* **Aim of the exercise**:
Go through the data below and copy each line that includes "Mode".

* **Dataset excerpts**:
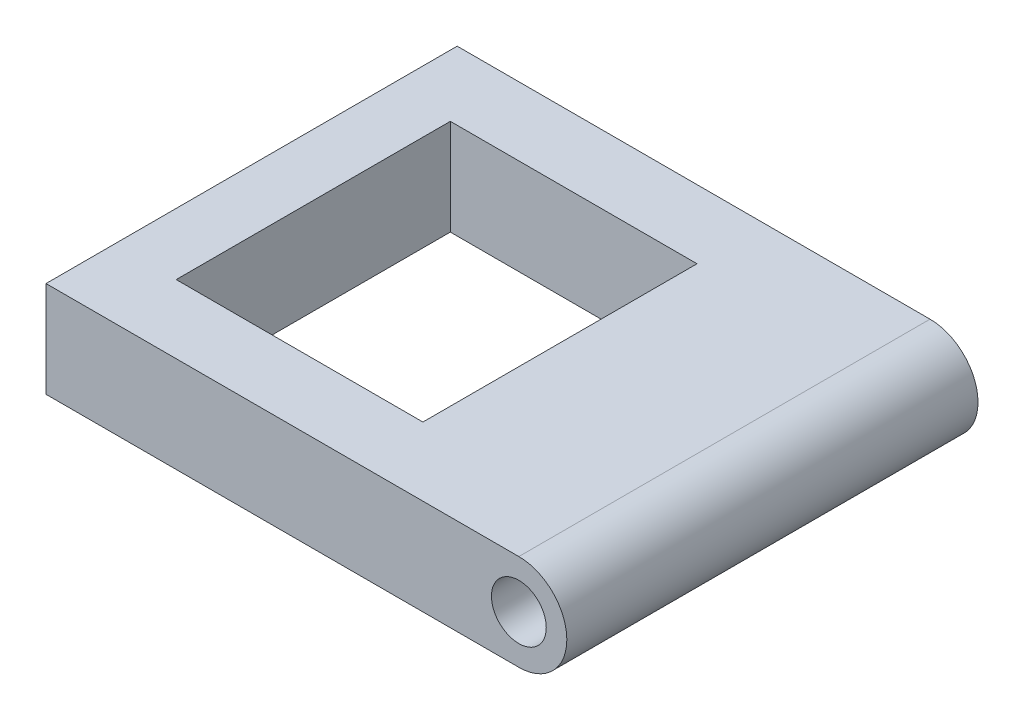
from build123d import *

# Parameters (mm, degrees)
SKETCH_1_W      = 55
SKETCH_1_H      = 60
SKETCH_1_W_2    = 36
SKETCH_1_H_2    = 40
EXTRUDE_1_DEPTH = 14
SKETCH_2_R      = 4
EXTRUDE_2_DEPTH = 60


with BuildPart() as part:
    # 草图1 → 凸台-拉伸1 (new body)
    with BuildSketch(Plane(origin=(0, 0, 0), x_dir=(1, 0, 0), z_dir=(0, 1, 0))):
        with Locations((27.5, 30)):
            Rectangle(SKETCH_1_W, SKETCH_1_H)
        with Locations((27, 30)):
            Rectangle(SKETCH_1_W_2, SKETCH_1_H_2, mode=Mode.SUBTRACT)
    extrude(amount=EXTRUDE_1_DEPTH)

    # 草图2 → 凸台-拉伸2 (add)
    with BuildSketch(Plane.XY):
        with BuildLine():
            Line((55, 14), (69, 14))
            ThreePointArc((69, 14), (76, 7), (69, 0))
            Line((69, 0), (55, 0))
            Line((55, 0), (55, 14))
        make_face()
        with Locations((69, 7)):
            Circle(SKETCH_2_R, mode=Mode.SUBTRACT)
    extrude(amount=-EXTRUDE_2_DEPTH)


solid = part.part

* **Response to this exercise**:
            Rectangle(SKETCH_1_W_2, SKETCH_1_H_2, mode=Mode.SUBTRACT)
            Circle(SKETCH_2_R, mode=Mode.SUBTRACT)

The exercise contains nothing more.